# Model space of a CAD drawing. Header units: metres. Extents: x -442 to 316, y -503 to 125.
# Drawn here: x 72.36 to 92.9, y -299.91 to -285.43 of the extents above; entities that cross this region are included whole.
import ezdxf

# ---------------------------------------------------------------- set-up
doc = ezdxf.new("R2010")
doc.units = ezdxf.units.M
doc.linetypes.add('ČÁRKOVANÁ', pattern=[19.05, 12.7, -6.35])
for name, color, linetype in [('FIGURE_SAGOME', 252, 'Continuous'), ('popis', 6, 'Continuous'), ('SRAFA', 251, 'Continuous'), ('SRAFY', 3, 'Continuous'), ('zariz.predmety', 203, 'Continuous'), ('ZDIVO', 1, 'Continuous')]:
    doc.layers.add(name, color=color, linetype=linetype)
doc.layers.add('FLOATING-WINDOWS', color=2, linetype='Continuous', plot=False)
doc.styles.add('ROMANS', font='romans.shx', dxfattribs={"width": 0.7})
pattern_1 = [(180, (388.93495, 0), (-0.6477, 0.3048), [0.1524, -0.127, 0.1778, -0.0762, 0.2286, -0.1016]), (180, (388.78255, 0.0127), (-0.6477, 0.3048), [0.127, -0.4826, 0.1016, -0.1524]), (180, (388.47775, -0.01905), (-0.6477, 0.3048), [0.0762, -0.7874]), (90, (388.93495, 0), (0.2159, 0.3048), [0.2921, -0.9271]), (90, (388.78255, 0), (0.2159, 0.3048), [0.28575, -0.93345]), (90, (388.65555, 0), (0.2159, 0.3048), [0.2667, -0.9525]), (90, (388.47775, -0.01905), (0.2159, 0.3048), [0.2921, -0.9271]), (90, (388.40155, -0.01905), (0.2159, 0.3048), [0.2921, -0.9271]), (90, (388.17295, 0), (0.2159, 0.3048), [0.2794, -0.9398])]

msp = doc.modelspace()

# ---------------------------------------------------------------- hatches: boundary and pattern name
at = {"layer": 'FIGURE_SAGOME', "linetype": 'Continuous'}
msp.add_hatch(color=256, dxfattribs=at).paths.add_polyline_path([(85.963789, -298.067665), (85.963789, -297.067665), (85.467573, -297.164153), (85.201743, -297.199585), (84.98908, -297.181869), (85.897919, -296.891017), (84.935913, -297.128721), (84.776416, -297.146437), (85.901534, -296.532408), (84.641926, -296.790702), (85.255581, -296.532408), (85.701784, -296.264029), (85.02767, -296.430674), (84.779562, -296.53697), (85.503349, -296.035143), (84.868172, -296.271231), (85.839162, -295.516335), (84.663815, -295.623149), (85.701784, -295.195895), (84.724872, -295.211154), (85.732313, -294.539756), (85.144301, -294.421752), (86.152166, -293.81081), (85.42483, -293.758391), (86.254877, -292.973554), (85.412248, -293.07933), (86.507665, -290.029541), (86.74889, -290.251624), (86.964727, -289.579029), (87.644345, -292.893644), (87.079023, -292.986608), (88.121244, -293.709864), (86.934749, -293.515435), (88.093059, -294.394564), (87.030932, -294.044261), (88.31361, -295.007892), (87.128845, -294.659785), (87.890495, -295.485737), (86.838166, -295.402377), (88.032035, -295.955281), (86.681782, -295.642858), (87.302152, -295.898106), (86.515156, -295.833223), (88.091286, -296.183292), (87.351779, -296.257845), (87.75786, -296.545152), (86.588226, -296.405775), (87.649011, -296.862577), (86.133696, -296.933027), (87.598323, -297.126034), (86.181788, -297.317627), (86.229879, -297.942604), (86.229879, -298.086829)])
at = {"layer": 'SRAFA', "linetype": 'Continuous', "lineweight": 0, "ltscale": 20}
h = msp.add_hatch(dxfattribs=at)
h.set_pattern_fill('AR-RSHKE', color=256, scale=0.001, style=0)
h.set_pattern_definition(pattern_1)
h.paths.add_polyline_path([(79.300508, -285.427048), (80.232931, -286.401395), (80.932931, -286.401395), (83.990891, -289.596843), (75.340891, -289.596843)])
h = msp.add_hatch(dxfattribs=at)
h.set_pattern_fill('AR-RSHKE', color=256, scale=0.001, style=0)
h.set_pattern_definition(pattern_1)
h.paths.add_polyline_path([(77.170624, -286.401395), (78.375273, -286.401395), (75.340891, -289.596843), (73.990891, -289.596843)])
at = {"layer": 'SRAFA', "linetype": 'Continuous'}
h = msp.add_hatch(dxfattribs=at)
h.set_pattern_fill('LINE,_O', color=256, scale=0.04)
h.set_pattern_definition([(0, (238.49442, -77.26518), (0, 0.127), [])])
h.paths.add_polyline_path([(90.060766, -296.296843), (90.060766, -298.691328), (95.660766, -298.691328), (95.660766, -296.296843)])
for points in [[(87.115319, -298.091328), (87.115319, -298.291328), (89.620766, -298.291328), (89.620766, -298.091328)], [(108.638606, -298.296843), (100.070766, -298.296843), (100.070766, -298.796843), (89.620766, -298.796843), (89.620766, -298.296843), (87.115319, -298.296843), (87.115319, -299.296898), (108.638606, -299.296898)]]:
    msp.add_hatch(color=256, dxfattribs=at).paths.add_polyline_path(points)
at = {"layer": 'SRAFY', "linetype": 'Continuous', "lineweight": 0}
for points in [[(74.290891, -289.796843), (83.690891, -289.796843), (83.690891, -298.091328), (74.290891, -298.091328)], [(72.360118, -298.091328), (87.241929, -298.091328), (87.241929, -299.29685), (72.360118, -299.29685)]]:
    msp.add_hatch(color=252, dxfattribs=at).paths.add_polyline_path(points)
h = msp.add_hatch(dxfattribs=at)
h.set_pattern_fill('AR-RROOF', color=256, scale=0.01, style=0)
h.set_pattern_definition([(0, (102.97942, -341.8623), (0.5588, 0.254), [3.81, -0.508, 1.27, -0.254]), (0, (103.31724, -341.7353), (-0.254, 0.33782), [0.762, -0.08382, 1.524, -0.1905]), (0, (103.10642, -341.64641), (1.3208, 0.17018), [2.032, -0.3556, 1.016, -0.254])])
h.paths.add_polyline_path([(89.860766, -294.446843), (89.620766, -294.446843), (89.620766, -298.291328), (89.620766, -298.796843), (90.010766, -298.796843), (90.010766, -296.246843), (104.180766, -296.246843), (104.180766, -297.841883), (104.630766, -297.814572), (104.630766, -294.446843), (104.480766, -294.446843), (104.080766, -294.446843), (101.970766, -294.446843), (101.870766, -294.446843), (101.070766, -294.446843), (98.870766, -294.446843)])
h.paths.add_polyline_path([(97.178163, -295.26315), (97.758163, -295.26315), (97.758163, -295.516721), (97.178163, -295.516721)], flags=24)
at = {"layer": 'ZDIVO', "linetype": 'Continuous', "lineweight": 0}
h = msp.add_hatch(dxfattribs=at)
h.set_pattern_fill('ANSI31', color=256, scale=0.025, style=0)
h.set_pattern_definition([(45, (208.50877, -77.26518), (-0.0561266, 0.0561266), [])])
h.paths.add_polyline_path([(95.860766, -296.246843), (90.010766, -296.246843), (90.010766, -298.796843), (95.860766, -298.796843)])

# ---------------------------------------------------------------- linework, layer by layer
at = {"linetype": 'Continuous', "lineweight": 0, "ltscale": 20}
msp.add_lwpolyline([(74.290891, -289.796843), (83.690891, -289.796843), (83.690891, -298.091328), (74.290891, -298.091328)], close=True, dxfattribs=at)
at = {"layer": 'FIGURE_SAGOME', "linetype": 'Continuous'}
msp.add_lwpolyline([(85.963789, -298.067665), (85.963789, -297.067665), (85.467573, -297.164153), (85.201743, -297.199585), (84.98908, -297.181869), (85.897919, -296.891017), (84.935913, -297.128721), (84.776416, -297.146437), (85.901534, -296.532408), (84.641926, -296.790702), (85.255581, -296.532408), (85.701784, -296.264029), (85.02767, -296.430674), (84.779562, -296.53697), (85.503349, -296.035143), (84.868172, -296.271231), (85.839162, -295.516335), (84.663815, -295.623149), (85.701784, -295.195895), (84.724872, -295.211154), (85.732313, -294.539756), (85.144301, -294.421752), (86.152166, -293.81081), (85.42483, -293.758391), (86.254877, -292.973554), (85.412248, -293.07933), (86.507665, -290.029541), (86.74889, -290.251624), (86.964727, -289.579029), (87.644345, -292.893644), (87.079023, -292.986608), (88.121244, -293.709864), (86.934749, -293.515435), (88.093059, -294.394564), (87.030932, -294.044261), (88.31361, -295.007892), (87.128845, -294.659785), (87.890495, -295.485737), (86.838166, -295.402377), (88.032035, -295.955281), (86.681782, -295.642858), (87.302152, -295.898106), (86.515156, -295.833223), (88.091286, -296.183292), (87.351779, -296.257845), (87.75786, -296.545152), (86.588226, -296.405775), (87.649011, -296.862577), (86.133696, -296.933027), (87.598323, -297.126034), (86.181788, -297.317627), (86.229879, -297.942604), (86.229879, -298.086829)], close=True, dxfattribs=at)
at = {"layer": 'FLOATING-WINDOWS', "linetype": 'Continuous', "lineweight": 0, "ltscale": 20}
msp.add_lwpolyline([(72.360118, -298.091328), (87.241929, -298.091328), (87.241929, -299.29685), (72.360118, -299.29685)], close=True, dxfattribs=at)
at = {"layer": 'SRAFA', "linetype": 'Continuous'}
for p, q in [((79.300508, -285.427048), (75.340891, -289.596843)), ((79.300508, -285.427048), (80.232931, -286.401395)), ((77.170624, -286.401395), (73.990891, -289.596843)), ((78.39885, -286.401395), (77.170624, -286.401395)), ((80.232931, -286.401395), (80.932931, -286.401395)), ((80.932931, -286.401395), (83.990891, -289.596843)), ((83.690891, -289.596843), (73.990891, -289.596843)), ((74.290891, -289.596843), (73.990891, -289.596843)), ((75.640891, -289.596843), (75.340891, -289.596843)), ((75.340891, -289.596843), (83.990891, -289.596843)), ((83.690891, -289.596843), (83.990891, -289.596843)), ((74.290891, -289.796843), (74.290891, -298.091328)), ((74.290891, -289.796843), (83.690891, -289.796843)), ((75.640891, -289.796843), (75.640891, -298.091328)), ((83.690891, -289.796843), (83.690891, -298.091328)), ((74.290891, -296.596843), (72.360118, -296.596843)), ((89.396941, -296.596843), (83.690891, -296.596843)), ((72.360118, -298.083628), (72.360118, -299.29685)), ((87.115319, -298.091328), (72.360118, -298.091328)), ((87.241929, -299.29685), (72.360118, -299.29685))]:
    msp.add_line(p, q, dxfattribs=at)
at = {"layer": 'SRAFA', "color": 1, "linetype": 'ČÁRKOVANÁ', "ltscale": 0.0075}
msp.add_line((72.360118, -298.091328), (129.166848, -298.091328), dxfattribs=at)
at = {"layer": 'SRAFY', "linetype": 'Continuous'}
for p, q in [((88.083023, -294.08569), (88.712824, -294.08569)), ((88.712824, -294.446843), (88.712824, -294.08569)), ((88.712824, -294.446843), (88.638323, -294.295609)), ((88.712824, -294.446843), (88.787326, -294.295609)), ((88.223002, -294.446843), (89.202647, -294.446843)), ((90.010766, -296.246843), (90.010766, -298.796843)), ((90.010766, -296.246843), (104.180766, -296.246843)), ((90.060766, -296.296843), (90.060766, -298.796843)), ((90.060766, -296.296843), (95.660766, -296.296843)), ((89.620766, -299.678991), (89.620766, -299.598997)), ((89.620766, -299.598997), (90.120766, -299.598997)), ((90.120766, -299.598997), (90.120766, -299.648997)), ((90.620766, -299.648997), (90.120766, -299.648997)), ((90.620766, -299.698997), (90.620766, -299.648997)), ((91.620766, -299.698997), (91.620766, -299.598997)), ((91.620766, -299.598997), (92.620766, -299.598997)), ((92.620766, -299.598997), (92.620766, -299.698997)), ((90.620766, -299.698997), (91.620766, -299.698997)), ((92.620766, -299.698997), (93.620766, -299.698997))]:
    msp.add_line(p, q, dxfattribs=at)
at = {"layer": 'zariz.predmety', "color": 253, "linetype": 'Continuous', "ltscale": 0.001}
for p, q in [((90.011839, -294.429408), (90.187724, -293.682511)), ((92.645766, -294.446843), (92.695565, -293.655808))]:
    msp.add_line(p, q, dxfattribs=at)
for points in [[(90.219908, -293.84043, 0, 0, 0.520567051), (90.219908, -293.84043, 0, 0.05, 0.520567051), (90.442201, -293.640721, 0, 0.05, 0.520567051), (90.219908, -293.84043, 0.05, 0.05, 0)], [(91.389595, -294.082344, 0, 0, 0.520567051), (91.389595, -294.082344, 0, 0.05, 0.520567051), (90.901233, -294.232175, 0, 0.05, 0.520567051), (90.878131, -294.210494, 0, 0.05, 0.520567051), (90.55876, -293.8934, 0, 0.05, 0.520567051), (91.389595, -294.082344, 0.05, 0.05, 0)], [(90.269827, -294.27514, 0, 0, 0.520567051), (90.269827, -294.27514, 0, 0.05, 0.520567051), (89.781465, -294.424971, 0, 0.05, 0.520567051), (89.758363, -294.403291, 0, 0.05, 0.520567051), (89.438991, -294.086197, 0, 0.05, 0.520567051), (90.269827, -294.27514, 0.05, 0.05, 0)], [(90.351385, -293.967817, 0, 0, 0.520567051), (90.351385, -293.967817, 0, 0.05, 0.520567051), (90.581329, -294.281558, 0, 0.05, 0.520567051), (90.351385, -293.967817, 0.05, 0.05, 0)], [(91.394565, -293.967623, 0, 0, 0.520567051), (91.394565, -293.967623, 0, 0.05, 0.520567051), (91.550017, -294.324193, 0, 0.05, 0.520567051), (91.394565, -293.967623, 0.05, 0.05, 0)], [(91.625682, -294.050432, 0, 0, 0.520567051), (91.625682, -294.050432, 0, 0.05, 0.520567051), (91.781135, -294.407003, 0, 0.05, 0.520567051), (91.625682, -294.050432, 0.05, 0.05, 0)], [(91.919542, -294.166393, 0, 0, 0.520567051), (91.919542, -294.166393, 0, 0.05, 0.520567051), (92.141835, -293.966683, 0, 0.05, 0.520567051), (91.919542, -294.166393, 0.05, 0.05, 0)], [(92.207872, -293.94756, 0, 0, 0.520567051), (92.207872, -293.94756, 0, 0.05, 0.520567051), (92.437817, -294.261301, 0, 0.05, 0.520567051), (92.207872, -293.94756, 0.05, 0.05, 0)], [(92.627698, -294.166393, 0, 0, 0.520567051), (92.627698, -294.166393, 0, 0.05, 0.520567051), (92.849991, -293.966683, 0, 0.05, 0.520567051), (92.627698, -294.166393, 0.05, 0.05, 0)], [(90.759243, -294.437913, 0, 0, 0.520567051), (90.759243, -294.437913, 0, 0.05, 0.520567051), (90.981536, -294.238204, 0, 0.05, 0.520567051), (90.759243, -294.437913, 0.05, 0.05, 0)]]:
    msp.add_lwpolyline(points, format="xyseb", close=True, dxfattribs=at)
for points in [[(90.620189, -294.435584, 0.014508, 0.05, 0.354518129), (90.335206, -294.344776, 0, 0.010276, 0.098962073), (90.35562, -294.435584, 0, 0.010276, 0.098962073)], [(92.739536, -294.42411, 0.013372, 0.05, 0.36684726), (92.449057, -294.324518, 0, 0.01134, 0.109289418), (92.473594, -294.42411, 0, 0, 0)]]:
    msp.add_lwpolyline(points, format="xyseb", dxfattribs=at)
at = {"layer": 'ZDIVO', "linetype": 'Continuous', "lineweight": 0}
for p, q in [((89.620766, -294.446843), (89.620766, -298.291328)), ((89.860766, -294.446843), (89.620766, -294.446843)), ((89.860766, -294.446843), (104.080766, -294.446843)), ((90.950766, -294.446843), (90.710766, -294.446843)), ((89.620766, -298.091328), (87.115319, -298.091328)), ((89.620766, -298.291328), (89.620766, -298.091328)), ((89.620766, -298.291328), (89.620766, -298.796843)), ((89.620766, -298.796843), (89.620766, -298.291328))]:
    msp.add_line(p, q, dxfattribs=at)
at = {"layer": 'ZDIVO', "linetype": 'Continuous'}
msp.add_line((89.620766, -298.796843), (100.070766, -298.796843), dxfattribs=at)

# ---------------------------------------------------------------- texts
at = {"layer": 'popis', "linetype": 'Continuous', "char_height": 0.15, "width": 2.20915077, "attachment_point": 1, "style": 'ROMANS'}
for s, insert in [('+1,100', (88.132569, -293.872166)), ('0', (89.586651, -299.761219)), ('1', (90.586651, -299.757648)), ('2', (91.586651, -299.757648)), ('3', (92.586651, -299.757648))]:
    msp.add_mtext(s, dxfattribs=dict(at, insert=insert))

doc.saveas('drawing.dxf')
_ _ _ _
§ TASK BRIEF
Only the number of lines in the data that hold "predmety" should be stated.

§ RESPONSE FOR THIS EXERCISE
2